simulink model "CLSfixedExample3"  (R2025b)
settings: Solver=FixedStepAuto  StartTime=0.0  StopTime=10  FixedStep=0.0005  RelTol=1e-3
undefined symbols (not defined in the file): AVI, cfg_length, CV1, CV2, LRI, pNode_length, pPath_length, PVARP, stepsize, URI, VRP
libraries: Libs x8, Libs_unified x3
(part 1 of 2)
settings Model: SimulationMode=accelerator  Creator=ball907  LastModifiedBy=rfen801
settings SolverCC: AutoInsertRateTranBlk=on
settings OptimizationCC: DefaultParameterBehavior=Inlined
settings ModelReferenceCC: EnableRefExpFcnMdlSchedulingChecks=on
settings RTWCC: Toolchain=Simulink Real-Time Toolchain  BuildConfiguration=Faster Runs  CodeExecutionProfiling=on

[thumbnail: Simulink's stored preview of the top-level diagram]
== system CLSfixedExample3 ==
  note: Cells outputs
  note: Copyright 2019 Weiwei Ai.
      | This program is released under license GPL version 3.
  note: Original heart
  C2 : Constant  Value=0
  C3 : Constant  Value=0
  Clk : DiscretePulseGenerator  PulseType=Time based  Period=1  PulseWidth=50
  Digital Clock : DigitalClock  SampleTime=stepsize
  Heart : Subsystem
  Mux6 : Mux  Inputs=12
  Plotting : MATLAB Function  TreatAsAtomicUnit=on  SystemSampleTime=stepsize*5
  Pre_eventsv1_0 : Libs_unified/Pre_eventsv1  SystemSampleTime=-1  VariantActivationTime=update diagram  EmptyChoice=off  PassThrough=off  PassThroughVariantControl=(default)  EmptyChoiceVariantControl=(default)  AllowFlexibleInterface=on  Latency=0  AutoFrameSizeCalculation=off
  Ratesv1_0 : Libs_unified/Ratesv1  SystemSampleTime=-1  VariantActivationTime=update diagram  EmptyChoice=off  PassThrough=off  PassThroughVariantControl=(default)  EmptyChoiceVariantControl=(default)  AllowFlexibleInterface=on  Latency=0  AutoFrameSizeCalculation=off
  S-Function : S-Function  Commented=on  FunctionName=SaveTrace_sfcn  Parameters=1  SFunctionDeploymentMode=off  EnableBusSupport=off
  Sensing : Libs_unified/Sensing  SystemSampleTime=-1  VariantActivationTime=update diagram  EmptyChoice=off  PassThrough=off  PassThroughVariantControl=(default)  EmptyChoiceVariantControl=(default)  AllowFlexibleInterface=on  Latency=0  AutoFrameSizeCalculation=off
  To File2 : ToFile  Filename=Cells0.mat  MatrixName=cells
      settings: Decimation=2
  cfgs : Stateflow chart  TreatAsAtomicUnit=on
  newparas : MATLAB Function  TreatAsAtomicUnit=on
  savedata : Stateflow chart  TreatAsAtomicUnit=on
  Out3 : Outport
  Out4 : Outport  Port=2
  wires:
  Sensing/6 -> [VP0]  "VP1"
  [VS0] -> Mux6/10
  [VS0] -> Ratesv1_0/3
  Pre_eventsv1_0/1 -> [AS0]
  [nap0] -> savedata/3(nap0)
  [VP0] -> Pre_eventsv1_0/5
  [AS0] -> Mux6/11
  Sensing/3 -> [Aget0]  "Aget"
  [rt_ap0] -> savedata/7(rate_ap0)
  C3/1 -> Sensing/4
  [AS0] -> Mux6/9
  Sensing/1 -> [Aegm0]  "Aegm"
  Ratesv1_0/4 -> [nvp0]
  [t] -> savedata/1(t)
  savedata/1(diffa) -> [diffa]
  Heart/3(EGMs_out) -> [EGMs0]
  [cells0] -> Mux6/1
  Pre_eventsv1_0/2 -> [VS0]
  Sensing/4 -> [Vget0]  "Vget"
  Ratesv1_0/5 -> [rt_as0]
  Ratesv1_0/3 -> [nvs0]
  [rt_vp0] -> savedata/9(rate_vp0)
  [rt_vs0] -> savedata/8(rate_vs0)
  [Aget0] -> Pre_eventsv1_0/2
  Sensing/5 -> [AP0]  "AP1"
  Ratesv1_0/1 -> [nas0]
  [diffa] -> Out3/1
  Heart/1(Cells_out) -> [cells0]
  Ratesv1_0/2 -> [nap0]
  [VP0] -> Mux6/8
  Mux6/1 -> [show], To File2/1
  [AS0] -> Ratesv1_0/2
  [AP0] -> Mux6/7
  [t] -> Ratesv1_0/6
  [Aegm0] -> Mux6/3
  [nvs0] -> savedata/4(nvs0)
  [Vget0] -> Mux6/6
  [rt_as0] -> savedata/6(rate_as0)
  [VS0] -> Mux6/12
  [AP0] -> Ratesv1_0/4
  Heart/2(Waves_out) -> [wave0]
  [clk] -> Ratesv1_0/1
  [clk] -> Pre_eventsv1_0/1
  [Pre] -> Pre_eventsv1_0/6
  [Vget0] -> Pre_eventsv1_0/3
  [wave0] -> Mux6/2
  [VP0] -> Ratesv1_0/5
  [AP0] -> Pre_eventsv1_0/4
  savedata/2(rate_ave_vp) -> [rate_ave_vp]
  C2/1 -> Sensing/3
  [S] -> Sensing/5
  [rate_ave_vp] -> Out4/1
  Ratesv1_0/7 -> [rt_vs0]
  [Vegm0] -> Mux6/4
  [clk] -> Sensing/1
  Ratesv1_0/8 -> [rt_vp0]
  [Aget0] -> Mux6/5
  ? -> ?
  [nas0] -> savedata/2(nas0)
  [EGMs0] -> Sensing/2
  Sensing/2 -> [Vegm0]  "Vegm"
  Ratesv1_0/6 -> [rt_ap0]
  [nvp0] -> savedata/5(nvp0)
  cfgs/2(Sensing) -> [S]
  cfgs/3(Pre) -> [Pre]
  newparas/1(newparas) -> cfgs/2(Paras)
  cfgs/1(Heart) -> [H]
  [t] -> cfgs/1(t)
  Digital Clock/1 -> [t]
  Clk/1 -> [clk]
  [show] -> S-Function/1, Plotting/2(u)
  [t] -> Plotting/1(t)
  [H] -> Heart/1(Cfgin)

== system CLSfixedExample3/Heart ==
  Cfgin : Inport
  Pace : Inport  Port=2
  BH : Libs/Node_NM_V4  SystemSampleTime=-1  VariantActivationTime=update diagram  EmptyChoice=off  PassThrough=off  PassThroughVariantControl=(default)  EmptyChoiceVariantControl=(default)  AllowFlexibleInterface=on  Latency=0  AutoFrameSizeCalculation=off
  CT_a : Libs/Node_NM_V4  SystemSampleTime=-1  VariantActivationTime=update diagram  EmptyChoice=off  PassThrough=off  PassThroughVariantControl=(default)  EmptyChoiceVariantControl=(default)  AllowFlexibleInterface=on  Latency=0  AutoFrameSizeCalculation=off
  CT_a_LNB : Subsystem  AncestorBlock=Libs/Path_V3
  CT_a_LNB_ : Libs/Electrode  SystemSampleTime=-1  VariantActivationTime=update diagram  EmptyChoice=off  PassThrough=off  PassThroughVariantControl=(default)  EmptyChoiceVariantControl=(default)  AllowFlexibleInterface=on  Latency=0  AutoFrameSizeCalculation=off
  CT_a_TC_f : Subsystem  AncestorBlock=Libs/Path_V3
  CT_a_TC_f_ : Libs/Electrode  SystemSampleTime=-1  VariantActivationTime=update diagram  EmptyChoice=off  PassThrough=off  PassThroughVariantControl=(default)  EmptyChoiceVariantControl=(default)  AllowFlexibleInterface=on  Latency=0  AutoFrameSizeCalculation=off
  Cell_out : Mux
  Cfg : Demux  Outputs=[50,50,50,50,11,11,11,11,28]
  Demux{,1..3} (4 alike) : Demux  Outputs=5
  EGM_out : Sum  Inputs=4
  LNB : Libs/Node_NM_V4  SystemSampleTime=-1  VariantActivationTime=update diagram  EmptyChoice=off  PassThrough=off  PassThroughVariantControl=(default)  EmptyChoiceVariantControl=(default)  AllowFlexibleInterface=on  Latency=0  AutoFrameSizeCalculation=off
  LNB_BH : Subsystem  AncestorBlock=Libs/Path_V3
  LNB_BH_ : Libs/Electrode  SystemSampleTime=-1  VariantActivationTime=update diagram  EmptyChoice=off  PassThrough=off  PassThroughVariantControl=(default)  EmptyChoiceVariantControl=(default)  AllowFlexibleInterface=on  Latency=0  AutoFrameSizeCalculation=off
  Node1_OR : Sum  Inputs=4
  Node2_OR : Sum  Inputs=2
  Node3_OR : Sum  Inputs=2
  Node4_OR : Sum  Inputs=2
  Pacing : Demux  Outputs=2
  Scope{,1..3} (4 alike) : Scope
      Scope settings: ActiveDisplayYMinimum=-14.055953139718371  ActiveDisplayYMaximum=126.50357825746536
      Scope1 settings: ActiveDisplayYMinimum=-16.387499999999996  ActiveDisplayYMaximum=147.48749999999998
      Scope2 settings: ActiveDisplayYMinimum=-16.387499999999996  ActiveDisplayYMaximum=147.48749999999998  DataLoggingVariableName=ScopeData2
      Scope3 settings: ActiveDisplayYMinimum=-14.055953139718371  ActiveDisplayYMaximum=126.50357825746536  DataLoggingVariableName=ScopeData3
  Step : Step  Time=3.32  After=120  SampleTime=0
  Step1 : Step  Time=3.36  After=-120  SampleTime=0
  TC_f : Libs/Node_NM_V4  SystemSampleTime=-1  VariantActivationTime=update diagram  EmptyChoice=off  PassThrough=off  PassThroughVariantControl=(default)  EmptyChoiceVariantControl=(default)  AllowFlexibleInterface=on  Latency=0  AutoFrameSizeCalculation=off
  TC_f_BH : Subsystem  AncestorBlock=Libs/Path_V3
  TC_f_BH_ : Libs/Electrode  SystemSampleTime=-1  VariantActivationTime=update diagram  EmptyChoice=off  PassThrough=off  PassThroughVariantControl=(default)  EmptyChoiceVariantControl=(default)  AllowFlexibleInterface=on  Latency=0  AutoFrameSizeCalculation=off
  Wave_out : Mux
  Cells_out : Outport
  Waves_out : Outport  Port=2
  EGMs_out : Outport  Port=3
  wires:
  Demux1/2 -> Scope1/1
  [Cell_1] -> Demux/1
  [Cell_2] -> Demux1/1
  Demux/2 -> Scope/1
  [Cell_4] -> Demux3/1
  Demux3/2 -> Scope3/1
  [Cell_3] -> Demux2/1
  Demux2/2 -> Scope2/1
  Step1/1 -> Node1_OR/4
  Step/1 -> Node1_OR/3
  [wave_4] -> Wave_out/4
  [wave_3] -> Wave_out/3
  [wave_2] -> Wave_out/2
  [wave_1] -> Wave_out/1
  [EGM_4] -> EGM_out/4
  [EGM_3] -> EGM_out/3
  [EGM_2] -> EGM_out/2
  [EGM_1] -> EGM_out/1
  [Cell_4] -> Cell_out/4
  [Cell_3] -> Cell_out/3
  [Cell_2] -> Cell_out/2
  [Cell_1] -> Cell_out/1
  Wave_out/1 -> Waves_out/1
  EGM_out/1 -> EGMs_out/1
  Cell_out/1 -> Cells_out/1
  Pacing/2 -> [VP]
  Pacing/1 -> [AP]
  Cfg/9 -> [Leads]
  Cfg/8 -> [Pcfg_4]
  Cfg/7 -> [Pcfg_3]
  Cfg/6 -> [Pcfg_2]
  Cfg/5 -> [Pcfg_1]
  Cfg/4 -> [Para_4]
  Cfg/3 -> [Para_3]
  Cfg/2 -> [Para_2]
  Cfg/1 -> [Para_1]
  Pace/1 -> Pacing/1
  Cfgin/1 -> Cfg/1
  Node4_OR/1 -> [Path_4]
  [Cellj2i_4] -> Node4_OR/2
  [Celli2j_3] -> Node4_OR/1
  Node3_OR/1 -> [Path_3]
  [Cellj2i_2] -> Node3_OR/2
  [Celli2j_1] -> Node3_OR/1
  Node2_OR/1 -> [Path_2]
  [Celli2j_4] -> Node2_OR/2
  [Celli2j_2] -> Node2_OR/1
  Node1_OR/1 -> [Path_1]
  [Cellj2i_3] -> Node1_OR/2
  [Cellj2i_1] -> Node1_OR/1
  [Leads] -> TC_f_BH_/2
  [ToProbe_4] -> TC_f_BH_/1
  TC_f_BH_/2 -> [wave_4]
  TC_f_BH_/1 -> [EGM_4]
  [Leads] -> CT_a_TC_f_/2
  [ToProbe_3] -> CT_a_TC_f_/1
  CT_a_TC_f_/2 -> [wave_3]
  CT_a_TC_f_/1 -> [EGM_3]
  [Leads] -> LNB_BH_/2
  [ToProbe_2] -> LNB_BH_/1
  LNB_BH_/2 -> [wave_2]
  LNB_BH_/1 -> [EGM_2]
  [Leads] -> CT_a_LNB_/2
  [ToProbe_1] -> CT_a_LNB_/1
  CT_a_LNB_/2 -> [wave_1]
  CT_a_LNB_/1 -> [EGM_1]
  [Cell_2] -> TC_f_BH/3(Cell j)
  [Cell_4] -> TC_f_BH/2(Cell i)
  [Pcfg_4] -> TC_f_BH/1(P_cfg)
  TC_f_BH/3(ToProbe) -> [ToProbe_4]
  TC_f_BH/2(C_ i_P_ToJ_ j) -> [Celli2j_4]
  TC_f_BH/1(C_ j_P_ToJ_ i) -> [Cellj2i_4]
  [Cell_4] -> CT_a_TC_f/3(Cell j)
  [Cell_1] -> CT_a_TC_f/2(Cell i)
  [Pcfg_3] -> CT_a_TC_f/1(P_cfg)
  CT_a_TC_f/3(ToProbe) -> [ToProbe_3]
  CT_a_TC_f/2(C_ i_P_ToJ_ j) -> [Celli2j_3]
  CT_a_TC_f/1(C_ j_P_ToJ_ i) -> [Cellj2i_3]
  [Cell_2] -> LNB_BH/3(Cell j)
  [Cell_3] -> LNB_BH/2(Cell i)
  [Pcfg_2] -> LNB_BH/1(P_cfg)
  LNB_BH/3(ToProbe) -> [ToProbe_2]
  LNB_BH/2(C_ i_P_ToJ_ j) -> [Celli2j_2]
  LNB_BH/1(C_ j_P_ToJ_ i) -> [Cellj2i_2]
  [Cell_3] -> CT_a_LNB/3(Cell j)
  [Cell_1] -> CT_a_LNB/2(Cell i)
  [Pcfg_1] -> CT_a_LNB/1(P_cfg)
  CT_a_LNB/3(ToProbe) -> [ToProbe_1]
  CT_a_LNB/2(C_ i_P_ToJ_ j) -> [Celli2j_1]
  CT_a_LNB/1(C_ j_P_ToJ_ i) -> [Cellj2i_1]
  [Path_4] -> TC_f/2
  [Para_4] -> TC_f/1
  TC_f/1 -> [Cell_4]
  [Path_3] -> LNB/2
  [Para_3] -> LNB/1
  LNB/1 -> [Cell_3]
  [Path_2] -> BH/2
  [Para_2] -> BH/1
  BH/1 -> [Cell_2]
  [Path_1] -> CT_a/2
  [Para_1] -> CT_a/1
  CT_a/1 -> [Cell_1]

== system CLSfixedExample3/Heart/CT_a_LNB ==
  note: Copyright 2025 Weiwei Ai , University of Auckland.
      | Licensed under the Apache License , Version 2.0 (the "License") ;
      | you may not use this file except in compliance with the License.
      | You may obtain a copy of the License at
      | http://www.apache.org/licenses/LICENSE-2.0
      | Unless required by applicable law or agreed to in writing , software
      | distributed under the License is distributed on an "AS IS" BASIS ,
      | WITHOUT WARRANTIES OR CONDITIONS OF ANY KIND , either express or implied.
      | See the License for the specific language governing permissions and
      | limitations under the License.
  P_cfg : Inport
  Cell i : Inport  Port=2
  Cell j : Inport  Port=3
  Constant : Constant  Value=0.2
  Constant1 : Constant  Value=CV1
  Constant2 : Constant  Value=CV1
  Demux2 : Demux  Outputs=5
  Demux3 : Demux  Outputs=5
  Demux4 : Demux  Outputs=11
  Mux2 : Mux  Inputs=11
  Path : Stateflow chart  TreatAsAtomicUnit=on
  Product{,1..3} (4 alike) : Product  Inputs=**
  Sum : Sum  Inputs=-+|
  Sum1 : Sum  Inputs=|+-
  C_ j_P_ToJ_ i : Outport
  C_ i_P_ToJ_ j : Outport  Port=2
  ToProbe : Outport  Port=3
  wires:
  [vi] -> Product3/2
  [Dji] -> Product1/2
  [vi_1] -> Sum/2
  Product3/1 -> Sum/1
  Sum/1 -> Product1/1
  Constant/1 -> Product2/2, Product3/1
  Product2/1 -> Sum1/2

----------

Work out the number of lines above that include the string "Weiwei" and write only that number.

_PROBLEM SOLUTION_
2